▶ _Exercise goal_
Reproduce all the lines below exactly and omit the images.

*** Provided entries ***

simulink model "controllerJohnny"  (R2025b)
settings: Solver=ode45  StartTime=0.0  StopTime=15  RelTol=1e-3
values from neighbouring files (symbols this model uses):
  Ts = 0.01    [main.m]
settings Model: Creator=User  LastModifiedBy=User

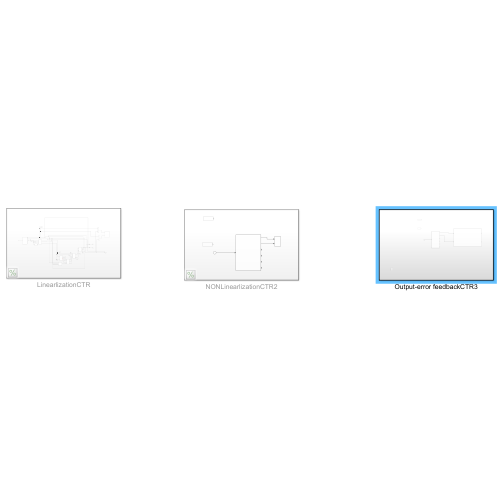
[thumbnail: Simulink's stored preview of the top-level diagram]
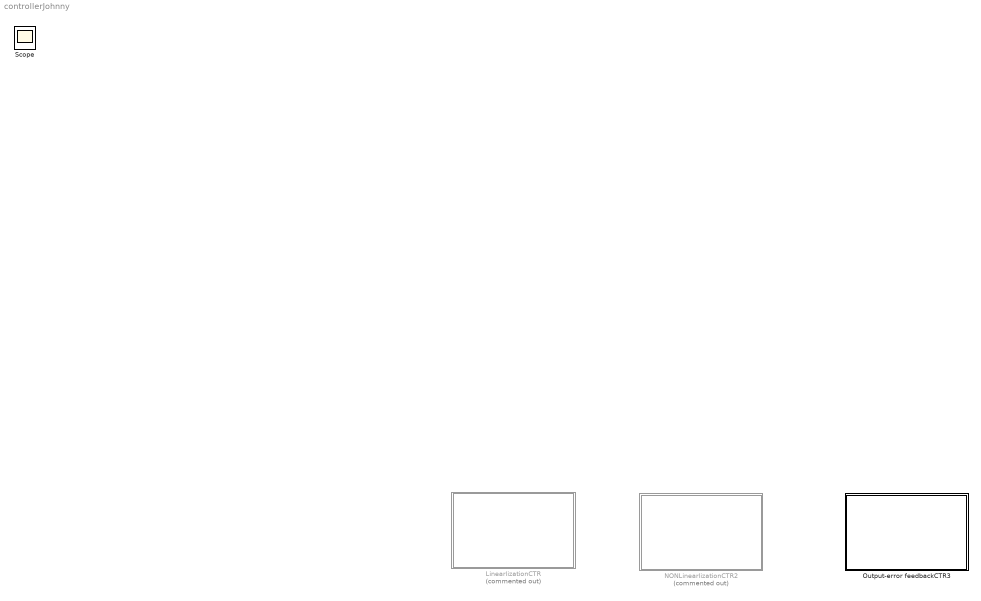
== system controllerJohnny ==
  LinearlizationCTR : Subsystem  Commented=on
  NONLinearlizationCTR2 : Subsystem  Commented=on
  Output-error feedbackCTR3 : Subsystem
  Scope : Scope
      settings: DataLoggingVariableName=ScopeData15

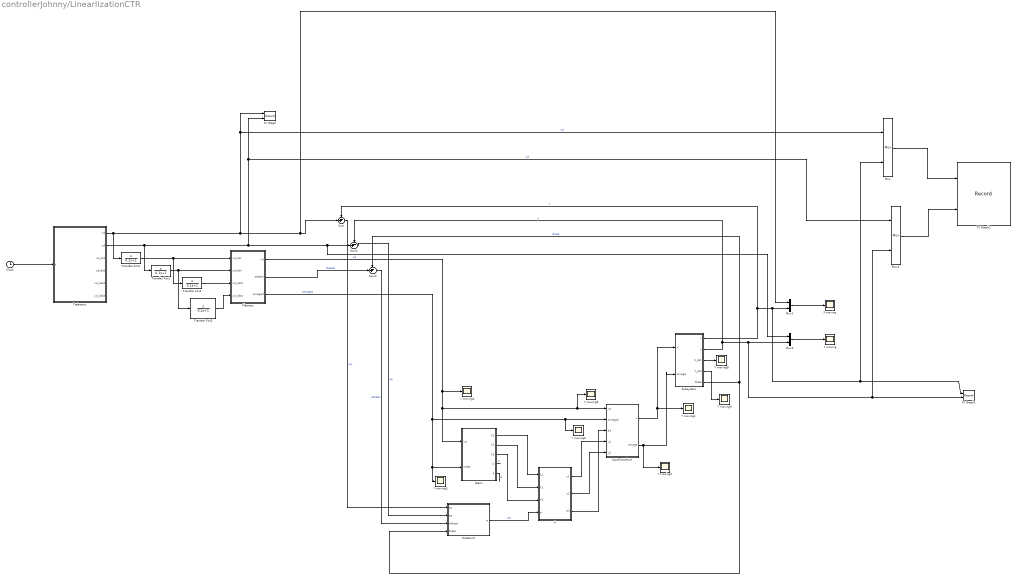
== system controllerJohnny/LinearlizationCTR ==
  Clock : Clock
  Flatness : MATLAB Function  TreatAsAtomicUnit=on
  Gians : MATLAB Function  TreatAsAtomicUnit=on
  InputTransform : MATLAB Function  TreatAsAtomicUnit=on
  Mux{,1,3..4} (4 alike) : Mux  Inputs=2
  Rotation1 : MATLAB Function  TreatAsAtomicUnit=on
  Subsystem : Subsystem
  Sum : Sum  Inputs=-+|
  Sum1 : Sum  Inputs=-+|
  Sum2 : Sum  Inputs=-+|
  Trajectory : MATLAB Function  TreatAsAtomicUnit=on
  Transfer Fcn{1..4} (4 alike) : TransferFcn  Numerator=[1 0]  Denominator=[0.1 1]
  U : MATLAB Function  TreatAsAtomicUnit=on
  X moving : Scope
      settings: ActiveDisplayYMinimum=-7.5707248352770318  ActiveDisplayYMaximum=6.89936023828367  DataLoggingVariableName=ScopeData2
  XY Graph : Record  NumPorts=2.0  FileSettingsInternal="{\"entries\":[{\"content\":{\"excelSettings\":{\"content\":{},\"type\":\"Streamout.ExcelSettings\"},\"parquetSettings\":{\"content\":{},\"type\":\"Streamout.ParquetSettings\"}},\"type\":\"Streamout.FileSettingStorage\",\"uuid\":\"\"}],\"packageUris\":[\"http:\\/\\/schema.mathworks.com\\/mf0\\/streamout_blocks\\/R2020a\"],\"version\":\"1.0\"}"  FrameSettings=[0, 0]  Layout=[1 1]  SignalsInternal="{\"entries\":[{\"content\":{},\"type\":\"RecordBlkView.InputSignals\",\"uuid\":\"\"}],\"packageUris\":[\"http:\\/\\/schema.mathworks.com\\/mf0\\/streamout_blocks\\/R2020a\"],\"version\":\"1.0\"}"  VisualizationBindings="{\"xyplotplugin\":{\"info\":[{\"series\":[],\"subplotID\":1}]}}"  CompatibilityTag=XY
  XY Graph1 : Record  NumPorts=2.0  FileSettingsInternal="{\"entries\":[{\"content\":{\"excelSettings\":{\"content\":{},\"type\":\"Streamout.ExcelSettings\"},\"parquetSettings\":{\"content\":{},\"type\":\"Streamout.ParquetSettings\"}},\"type\":\"Streamout.FileSettingStorage\",\"uuid\":\"\"}],\"packageUris\":[\"http:\\/\\/schema.mathworks.com\\/mf0\\/streamout_blocks\\/R2020a\"],\"version\":\"1.0\"}"  FrameSettings=[0, 0]  Layout=[1 1]  SignalsInternal="{\"entries\":[{\"content\":{},\"type\":\"RecordBlkView.InputSignals\",\"uuid\":\"\"}],\"packageUris\":[\"http:\\/\\/schema.mathworks.com\\/mf0\\/streamout_blocks\\/R2020a\"],\"version\":\"1.0\"}"  VisualizationBindings="{\"xyplotplugin\":{\"info\":[{\"series\":[],\"subplotID\":1}]}}"  CompatibilityTag=XY
  XY Graph2 : Record  NumPorts=2.0  FileSettingsInternal="{\"entries\":[{\"content\":{\"excelSettings\":{\"content\":{},\"type\":\"Streamout.ExcelSettings\"},\"parquetSettings\":{\"content\":{},\"type\":\"Streamout.ParquetSettings\"}},\"type\":\"Streamout.FileSettingStorage\",\"uuid\":\"\"}],\"packageUris\":[\"http:\\/\\/schema.mathworks.com\\/mf0\\/streamout_blocks\\/R2020a\"],\"version\":\"1.0\"}"  FrameSettings=[0, 0]  Layout=[1 1]  SignalsInternal="{\"entries\":[{\"content\":{\"signals\":[{\"content\":{\"blockPath\":[],\"dimensions\":[1],\"domain\":\"\",\"lineColor\":\"#ff6929\",\"lineWidth\":2,\"port\":1,\"signalID\":1,\"signalName\":\"Mux\"},\"type\":\"RecordBlkView.Signal\",\"uuid\":\"\"},{\"content\":{\"blockPath\":[],\"dimensions\":[1],\"domain\":\"\",\"lineColor\":\"#b746ff\",\"lineWidth\":2,\"port\":2,\"signalID\":2,\"signalName\":\"Mux4\"},\"type\":\"RecordBlkView.Signal\",\"uuid\":\"\"}]},\"type\":\"RecordBlkView.InputSignals\",\"uuid\":\"\"}],\"packageUris\":[\"http:\\/\\/schema.mathworks.com\\/mf0\\/streamout_blocks\\/R2020a\"],\"version\":\"1.0\"}"  VisualizationBindings="{\"xyplotplugin\":{\"info\":[{\"series\":[],\"subplotID\":1}]}}"  CompatibilityTag=XY
  Y moving{,1..6,8..9} (9 alike) : Scope
      Y moving settings: ActiveDisplayYMinimum=-5.0263813296916764  ActiveDisplayYMaximum=5.2374840982446349  DataLoggingVariableName=ScopeData3
      Y moving1 settings: ActiveDisplayYMinimum=-34.324914712581226  ActiveDisplayYMaximum=308.9242324132311  DataLoggingVariableName=ScopeData4
      Y moving2 settings: ActiveDisplayYMinimum=-1.6157130196688239E+7  ActiveDisplayYMaximum=1.4491472238781191E+7  DataLoggingVariableName=ScopeData5
      Y moving3 settings: ActiveDisplayYMinimum=4.999999999999944  ActiveDisplayYMaximum=5.0000000000000542  DataLoggingVariableName=ScopeData6
      Y moving4 settings: ActiveDisplayYMinimum=9.9999999999999982  ActiveDisplayYMaximum=10.000000000000002  DataLoggingVariableName=ScopeData7
      Y moving5 settings: ActiveDisplayYMinimum=0.99999999999999978  ActiveDisplayYMaximum=1  DataLoggingVariableName=ScopeData8
      Y moving6 settings: ActiveDisplayYMinimum=0.4  ActiveDisplayYMaximum=0.60000000000000009  DataLoggingVariableName=ScopeData9
      Y moving8 settings: ActiveDisplayYMinimum=-4.8047106790322678  ActiveDisplayYMaximum=12.533856742114697  DataLoggingVariableName=ScopeData11
      Y moving9 settings: ActiveDisplayYMinimum=-3.6998487914435718  ActiveDisplayYMaximum=4.6099967599268465  DataLoggingVariableName=ScopeData12
  wires:
  Subsystem/1(x) -> Mux/2, XY Graph1/1, Mux1/2, Sum/1  "x"
  Subsystem/5(theta) -> Rotation1/4(theta), Sum2/1  "theta"
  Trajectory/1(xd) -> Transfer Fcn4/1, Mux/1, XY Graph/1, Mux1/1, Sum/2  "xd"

***

▶ _Answer below_
simulink model "controllerJohnny"  (R2025b)
settings: Solver=ode45  StartTime=0.0  StopTime=15  RelTol=1e-3
values from neighbouring files (symbols this model uses):
  Ts = 0.01    [main.m]
settings Model: Creator=User  LastModifiedBy=User

[thumbnail: Simulink's stored preview of the top-level diagram]
== system controllerJohnny ==
  LinearlizationCTR : Subsystem  Commented=on
  NONLinearlizationCTR2 : Subsystem  Commented=on
  Output-error feedbackCTR3 : Subsystem
  Scope : Scope
      settings: DataLoggingVariableName=ScopeData15

== system controllerJohnny/LinearlizationCTR ==
  Clock : Clock
  Flatness : MATLAB Function  TreatAsAtomicUnit=on
  Gians : MATLAB Function  TreatAsAtomicUnit=on
  InputTransform : MATLAB Function  TreatAsAtomicUnit=on
  Mux{,1,3..4} (4 alike) : Mux  Inputs=2
  Rotation1 : MATLAB Function  TreatAsAtomicUnit=on
  Subsystem : Subsystem
  Sum : Sum  Inputs=-+|
  Sum1 : Sum  Inputs=-+|
  Sum2 : Sum  Inputs=-+|
  Trajectory : MATLAB Function  TreatAsAtomicUnit=on
  Transfer Fcn{1..4} (4 alike) : TransferFcn  Numerator=[1 0]  Denominator=[0.1 1]
  U : MATLAB Function  TreatAsAtomicUnit=on
  X moving : Scope
      settings: ActiveDisplayYMinimum=-7.5707248352770318  ActiveDisplayYMaximum=6.89936023828367  DataLoggingVariableName=ScopeData2
  XY Graph : Record  NumPorts=2.0  FileSettingsInternal="{\"entries\":[{\"content\":{\"excelSettings\":{\"content\":{},\"type\":\"Streamout.ExcelSettings\"},\"parquetSettings\":{\"content\":{},\"type\":\"Streamout.ParquetSettings\"}},\"type\":\"Streamout.FileSettingStorage\",\"uuid\":\"\"}],\"packageUris\":[\"http:\\/\\/schema.mathworks.com\\/mf0\\/streamout_blocks\\/R2020a\"],\"version\":\"1.0\"}"  FrameSettings=[0, 0]  Layout=[1 1]  SignalsInternal="{\"entries\":[{\"content\":{},\"type\":\"RecordBlkView.InputSignals\",\"uuid\":\"\"}],\"packageUris\":[\"http:\\/\\/schema.mathworks.com\\/mf0\\/streamout_blocks\\/R2020a\"],\"version\":\"1.0\"}"  VisualizationBindings="{\"xyplotplugin\":{\"info\":[{\"series\":[],\"subplotID\":1}]}}"  CompatibilityTag=XY
  XY Graph1 : Record  NumPorts=2.0  FileSettingsInternal="{\"entries\":[{\"content\":{\"excelSettings\":{\"content\":{},\"type\":\"Streamout.ExcelSettings\"},\"parquetSettings\":{\"content\":{},\"type\":\"Streamout.ParquetSettings\"}},\"type\":\"Streamout.FileSettingStorage\",\"uuid\":\"\"}],\"packageUris\":[\"http:\\/\\/schema.mathworks.com\\/mf0\\/streamout_blocks\\/R2020a\"],\"version\":\"1.0\"}"  FrameSettings=[0, 0]  Layout=[1 1]  SignalsInternal="{\"entries\":[{\"content\":{},\"type\":\"RecordBlkView.InputSignals\",\"uuid\":\"\"}],\"packageUris\":[\"http:\\/\\/schema.mathworks.com\\/mf0\\/streamout_blocks\\/R2020a\"],\"version\":\"1.0\"}"  VisualizationBindings="{\"xyplotplugin\":{\"info\":[{\"series\":[],\"subplotID\":1}]}}"  CompatibilityTag=XY
  XY Graph2 : Record  NumPorts=2.0  FileSettingsInternal="{\"entries\":[{\"content\":{\"excelSettings\":{\"content\":{},\"type\":\"Streamout.ExcelSettings\"},\"parquetSettings\":{\"content\":{},\"type\":\"Streamout.ParquetSettings\"}},\"type\":\"Streamout.FileSettingStorage\",\"uuid\":\"\"}],\"packageUris\":[\"http:\\/\\/schema.mathworks.com\\/mf0\\/streamout_blocks\\/R2020a\"],\"version\":\"1.0\"}"  FrameSettings=[0, 0]  Layout=[1 1]  SignalsInternal="{\"entries\":[{\"content\":{\"signals\":[{\"content\":{\"blockPath\":[],\"dimensions\":[1],\"domain\":\"\",\"lineColor\":\"#ff6929\",\"lineWidth\":2,\"port\":1,\"signalID\":1,\"signalName\":\"Mux\"},\"type\":\"RecordBlkView.Signal\",\"uuid\":\"\"},{\"content\":{\"blockPath\":[],\"dimensions\":[1],\"domain\":\"\",\"lineColor\":\"#b746ff\",\"lineWidth\":2,\"port\":2,\"signalID\":2,\"signalName\":\"Mux4\"},\"type\":\"RecordBlkView.Signal\",\"uuid\":\"\"}]},\"type\":\"RecordBlkView.InputSignals\",\"uuid\":\"\"}],\"packageUris\":[\"http:\\/\\/schema.mathworks.com\\/mf0\\/streamout_blocks\\/R2020a\"],\"version\":\"1.0\"}"  VisualizationBindings="{\"xyplotplugin\":{\"info\":[{\"series\":[],\"subplotID\":1}]}}"  CompatibilityTag=XY
  Y moving{,1..6,8..9} (9 alike) : Scope
      Y moving settings: ActiveDisplayYMinimum=-5.0263813296916764  ActiveDisplayYMaximum=5.2374840982446349  DataLoggingVariableName=ScopeData3
      Y moving1 settings: ActiveDisplayYMinimum=-34.324914712581226  ActiveDisplayYMaximum=308.9242324132311  DataLoggingVariableName=ScopeData4
      Y moving2 settings: ActiveDisplayYMinimum=-1.6157130196688239E+7  ActiveDisplayYMaximum=1.4491472238781191E+7  DataLoggingVariableName=ScopeData5
      Y moving3 settings: ActiveDisplayYMinimum=4.999999999999944  ActiveDisplayYMaximum=5.0000000000000542  DataLoggingVariableName=ScopeData6
      Y moving4 settings: ActiveDisplayYMinimum=9.9999999999999982  ActiveDisplayYMaximum=10.000000000000002  DataLoggingVariableName=ScopeData7
      Y moving5 settings: ActiveDisplayYMinimum=0.99999999999999978  ActiveDisplayYMaximum=1  DataLoggingVariableName=ScopeData8
      Y moving6 settings: ActiveDisplayYMinimum=0.4  ActiveDisplayYMaximum=0.60000000000000009  DataLoggingVariableName=ScopeData9
      Y moving8 settings: ActiveDisplayYMinimum=-4.8047106790322678  ActiveDisplayYMaximum=12.533856742114697  DataLoggingVariableName=ScopeData11
      Y moving9 settings: ActiveDisplayYMinimum=-3.6998487914435718  ActiveDisplayYMaximum=4.6099967599268465  DataLoggingVariableName=ScopeData12
  wires:
  Subsystem/1(x) -> Mux/2, XY Graph1/1, Mux1/2, Sum/1  "x"
  Subsystem/5(theta) -> Rotation1/4(theta), Sum2/1  "theta"
  Trajectory/1(xd) -> Transfer Fcn4/1, Mux/1, XY Graph/1, Mux1/1, Sum/2  "xd"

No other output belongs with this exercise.